Os cenários exuberantes, os figurinos elaborados e as coreografias impecáveis transportam o público para um mundo mágico e colorido.
A Magia Visual de Wicked
Um dos aspectos mais comentados sobre o filme Wicked é, sem dúvida, sua estética visual deslumbrante.
A produção cinematográfica conseguiu capturar a magia e o encanto do musical da Broadway, transportando o público para um mundo fantástico e colorido.
Os cenários de Oz são retratados com uma riqueza de detalhes que nos fazem sentir como se estivéssemos realmente naquela terra mágica.
A estética de Wicked é mágica
A Cidade Esmeralda, a Floresta Encantada e a Escola para Meninas de Shiz são apenas alguns exemplos de cenários que impressionam pela beleza e pela criatividade.
Além disso, não podemos negar que os figurinos dos personagens são um show à parte.
Cada detalhe, desde as roupas de Elphaba até os trajes de Glinda, são cuidadosamente elaborados para transmitir a personalidade e a história de cada personagem. A maquiagem verde de Elphaba é especialmente marcante, tornando-a uma figura única e memorável.
E o que falar sobre os efeitos visuais? Simplesmente magníficos!
Utilizados para criar momentos mágicos e espetaculares, como o voo de Elphaba sobre a Cidade Esmeralda, os efeitos visuais contribuem para a atmosfera mágica do filme.
Com coreografias impecáveis, cada número musical torna-se um verdadeiro espetáculo.
- Leia também: Broadway – A Magia Dos Musicais No Cinema
Cynthia Erivo e Ariana Grande
Jon M. Chu (Podres de Ricos) mais uma vez prova seu talento para transformar grandes produções em espetáculos visuais deslumbrantes.
Em Wicked – Parte 1, o diretor consegue contar a história da Bruxa Má do Oeste sob uma nova perspectiva.

E é justamente nisso que o filme consegue fazer a diferença. Com atuações brilhantes e memoráveis de Cynthia Erivo e Ariana Grande, o longa consegue nos conectar com a história de Elphaba e Galinda.
Cynthia Erivo interpreta Elphaba com maestria, entregando uma performance poderosa e emocionante. Sua voz marcante e sua presença de palco cativam o público e nos fazem torcer por sua personagem.
Já Ariana Grande, no papel de Galinda, encanta com sua doçura e talento vocal. Sua interpretação da personagem, inicialmente superficial e egocêntrica, evolui ao longo da história, revelando uma jovem em busca de sua própria identidade.
Aliás, a química entre as duas atrizes é palpável e contribui para a intensidade da história.
O filme em si
Wicked – Parte 1 consegue levar o telespectador para a terra mágica de Oz. E é um filme divertido e esteticamente perfeito.
O grande inimigo do longa é a sua duração. Wicked tem quase três horas, o que acaba fazendo com que a narrativa se torne um pouco densa em alguns momentos.
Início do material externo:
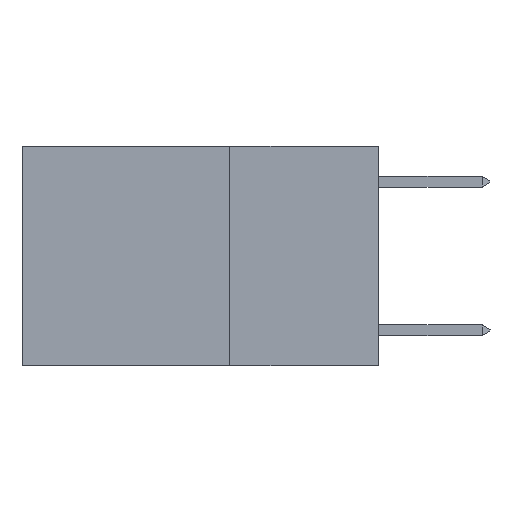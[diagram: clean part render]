
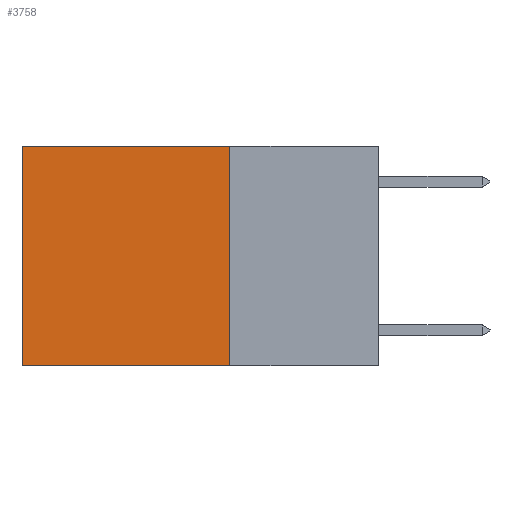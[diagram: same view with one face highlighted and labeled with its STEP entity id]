
A CAD part, left-side view. The second image highlights one B-rep face of the part: STEP entity #3758.
In plain terms, the highlighted planar face has unit normal (-1, 0, 0).
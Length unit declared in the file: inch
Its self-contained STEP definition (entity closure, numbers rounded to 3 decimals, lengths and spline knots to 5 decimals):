
#175 = ORIENTED_EDGE ( 'NONE', *, *, #18840, .F. ) ;
#284 = VERTEX_POINT ( 'NONE', #3355 ) ;
#2124 = VERTEX_POINT ( 'NONE', #7696 ) ;
#2583 = EDGE_CURVE ( 'NONE', #15091, #2124, #10631, .T. ) ;
#3355 = CARTESIAN_POINT ( 'NONE',  ( 0.2625, 0.6, 0. ) ) ;
#3758 = ADVANCED_FACE ( 'NONE', ( #26372 ), #22950, .F. ) ;
#6238 = DIRECTION ( 'NONE',  ( 0., 0., -1. ) ) ;
#6254 = CARTESIAN_POINT ( 'NONE',  ( 0.2625, 0.25, 0. ) ) ;
#7297 = DIRECTION ( 'NONE',  ( 0., 1., 0. ) ) ;
#7696 = CARTESIAN_POINT ( 'NONE',  ( 0.2625, 0.6, -0.37 ) ) ;
#7911 = CARTESIAN_POINT ( 'NONE',  ( 0.2625, 0.25, 0. ) ) ;
#10534 = CARTESIAN_POINT ( 'NONE',  ( 0.2625, 0.6, 0. ) ) ;
#10631 = LINE ( 'NONE', #11055, #14211 ) ;
#11055 = CARTESIAN_POINT ( 'NONE',  ( 0.2625, 0.25, -0.37 ) ) ;
#11160 = ORIENTED_EDGE ( 'NONE', *, *, #12519, .T. ) ;
#11296 = DIRECTION ( 'NONE',  ( 0., 1., 0. ) ) ;
#11436 = CARTESIAN_POINT ( 'NONE',  ( 0.2625, 0.25, 0. ) ) ;
#12519 = EDGE_CURVE ( 'NONE', #25912, #284, #15858, .T. ) ;
#14169 = CARTESIAN_POINT ( 'NONE',  ( 0.2625, 0.25, -0.37 ) ) ;
#14211 = VECTOR ( 'NONE', #11296, 39.37008 ) ;
#14356 = VECTOR ( 'NONE', #7297, 39.37008 ) ;
#15091 = VERTEX_POINT ( 'NONE', #14169 ) ;
#15858 = LINE ( 'NONE', #7911, #14356 ) ;
#17005 = VECTOR ( 'NONE', #29067, 39.37008 ) ;
#17736 = LINE ( 'NONE', #10534, #17005 ) ;
#18237 = VECTOR ( 'NONE', #6238, 39.37008 ) ;
#18302 = LINE ( 'NONE', #11436, #18237 ) ;
#18840 = EDGE_CURVE ( 'NONE', #25912, #15091, #18302, .T. ) ;
#19659 = AXIS2_PLACEMENT_3D ( 'NONE', #22977, #23309, #22879 ) ;
#22879 = DIRECTION ( 'NONE',  ( 0., 0., -1. ) ) ;
#22950 = PLANE ( 'NONE',  #19659 ) ;
#22977 = CARTESIAN_POINT ( 'NONE',  ( 0.2625, 0.25, 0. ) ) ;
#22997 = ORIENTED_EDGE ( 'NONE', *, *, #2583, .F. ) ;
#23309 = DIRECTION ( 'NONE',  ( 1., 0., 0. ) ) ;
#24738 = EDGE_LOOP ( 'NONE', ( #25027, #22997, #175, #11160 ) ) ;
#25027 = ORIENTED_EDGE ( 'NONE', *, *, #27120, .T. ) ;
#25912 = VERTEX_POINT ( 'NONE', #6254 ) ;
#26372 = FACE_OUTER_BOUND ( 'NONE', #24738, .T. ) ;
#27120 = EDGE_CURVE ( 'NONE', #284, #2124, #17736, .T. ) ;
#29067 = DIRECTION ( 'NONE',  ( 0., 0., -1. ) ) ;
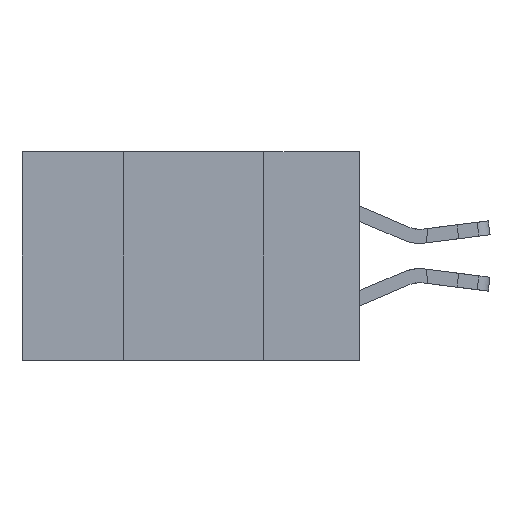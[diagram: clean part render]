
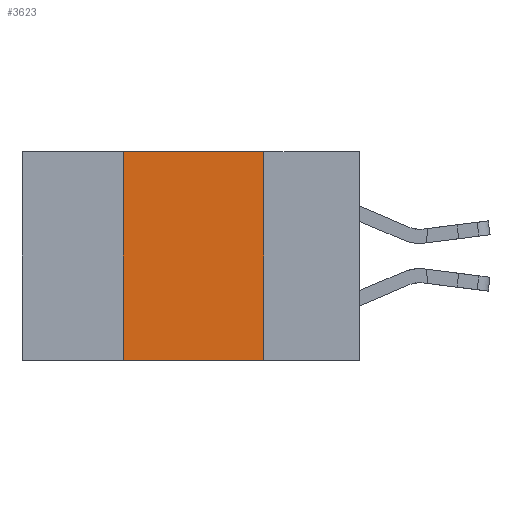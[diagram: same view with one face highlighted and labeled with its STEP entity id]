
A CAD part, left-side view. The second image highlights one B-rep face of the part: STEP entity #3623.
In plain terms, the highlighted planar face has unit normal (-1, 0, 0).
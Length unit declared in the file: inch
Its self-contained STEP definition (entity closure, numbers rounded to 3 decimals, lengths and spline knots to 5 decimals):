
#543 = EDGE_CURVE ( 'NONE', #27432, #20535, #1108, .T. ) ;
#1108 = LINE ( 'NONE', #15058, #19236 ) ;
#2889 = LINE ( 'NONE', #28422, #19204 ) ;
#3623 = ADVANCED_FACE ( 'NONE', ( #8409 ), #11222, .F. ) ;
#5145 = DIRECTION ( 'NONE',  ( 0., -1., 0. ) ) ;
#5263 = VERTEX_POINT ( 'NONE', #31721 ) ;
#6427 = ORIENTED_EDGE ( 'NONE', *, *, #543, .T. ) ;
#6819 = ORIENTED_EDGE ( 'NONE', *, *, #22874, .F. ) ;
#8409 = FACE_OUTER_BOUND ( 'NONE', #9025, .T. ) ;
#9025 = EDGE_LOOP ( 'NONE', ( #15351, #6819, #24867, #6427 ) ) ;
#11222 = PLANE ( 'NONE',  #32016 ) ;
#11309 = CARTESIAN_POINT ( 'NONE',  ( 0., 0.17, 0. ) ) ;
#11878 = VERTEX_POINT ( 'NONE', #11309 ) ;
#12727 = DIRECTION ( 'NONE',  ( 0., -1., 0. ) ) ;
#14382 = VECTOR ( 'NONE', #20737, 39.37008 ) ;
#15058 = CARTESIAN_POINT ( 'NONE',  ( 0., 0.6, -0.37 ) ) ;
#15351 = ORIENTED_EDGE ( 'NONE', *, *, #29087, .F. ) ;
#15530 = LINE ( 'NONE', #25569, #15700 ) ;
#15700 = VECTOR ( 'NONE', #12727, 39.37008 ) ;
#16659 = CARTESIAN_POINT ( 'NONE',  ( 0., 0.6, 0. ) ) ;
#18242 = EDGE_CURVE ( 'NONE', #27432, #5263, #2889, .T. ) ;
#18809 = DIRECTION ( 'NONE',  ( 1., 0., 0. ) ) ;
#19204 = VECTOR ( 'NONE', #20554, 39.37008 ) ;
#19236 = VECTOR ( 'NONE', #5145, 39.37008 ) ;
#20535 = VERTEX_POINT ( 'NONE', #27867 ) ;
#20554 = DIRECTION ( 'NONE',  ( 0., 0., 1. ) ) ;
#20737 = DIRECTION ( 'NONE',  ( 0., 0., -1. ) ) ;
#22874 = EDGE_CURVE ( 'NONE', #5263, #11878, #15530, .T. ) ;
#23409 = DIRECTION ( 'NONE',  ( 0., 0., -1. ) ) ;
#24867 = ORIENTED_EDGE ( 'NONE', *, *, #18242, .F. ) ;
#25218 = CARTESIAN_POINT ( 'NONE',  ( 0., 0.42, -0.37 ) ) ;
#25569 = CARTESIAN_POINT ( 'NONE',  ( 0., 0.6, 0. ) ) ;
#25818 = CARTESIAN_POINT ( 'NONE',  ( 0., 0.17, 0. ) ) ;
#27432 = VERTEX_POINT ( 'NONE', #25218 ) ;
#27867 = CARTESIAN_POINT ( 'NONE',  ( 0., 0.17, -0.37 ) ) ;
#28422 = CARTESIAN_POINT ( 'NONE',  ( 0., 0.42, 0. ) ) ;
#29087 = EDGE_CURVE ( 'NONE', #11878, #20535, #30269, .T. ) ;
#30269 = LINE ( 'NONE', #25818, #14382 ) ;
#31721 = CARTESIAN_POINT ( 'NONE',  ( 0., 0.42, 0. ) ) ;
#32016 = AXIS2_PLACEMENT_3D ( 'NONE', #16659, #18809, #23409 ) ;

Nesse sentido, certas cenas poderiam ter sido resumidas ou eliminadas. Sabemos que adaptar uma obra para outro formato exige sacrifícios e ajustes, e o filme falha nesse quesito. o que nem sempre é plenamente realizado aqui.
Muitos personagens ficaram esquecidos
Por mais que o arco dos personagens seja convincente e bem explorado na maior parte do tempo, existem algumas sequências que parecem se arrastar sem adicionar muito à trama principal. Isso acaba prejudicando o ritmo do filme, o que pode cansar o público menos paciente.

Alguns personagens secundários, que poderiam ter sido mais desenvolvidos (como o caso do Fiyero, acabam sendo ofuscados por cenas extensas que não contribuem tanto para o enredo. Isso é uma pena, já que o universo de Oz é rico em detalhes e personagens interessantes que merecem destaque.
A decisão de manter cenas que expandem o contexto da história é compreensível, pois oferece aos fãs da obra original uma experiência mais completa. No entanto, é necessário encontrar um equilíbrio entre manter fidelidade ao material e oferecer uma narrativa fluida e envolvente para o público em geral.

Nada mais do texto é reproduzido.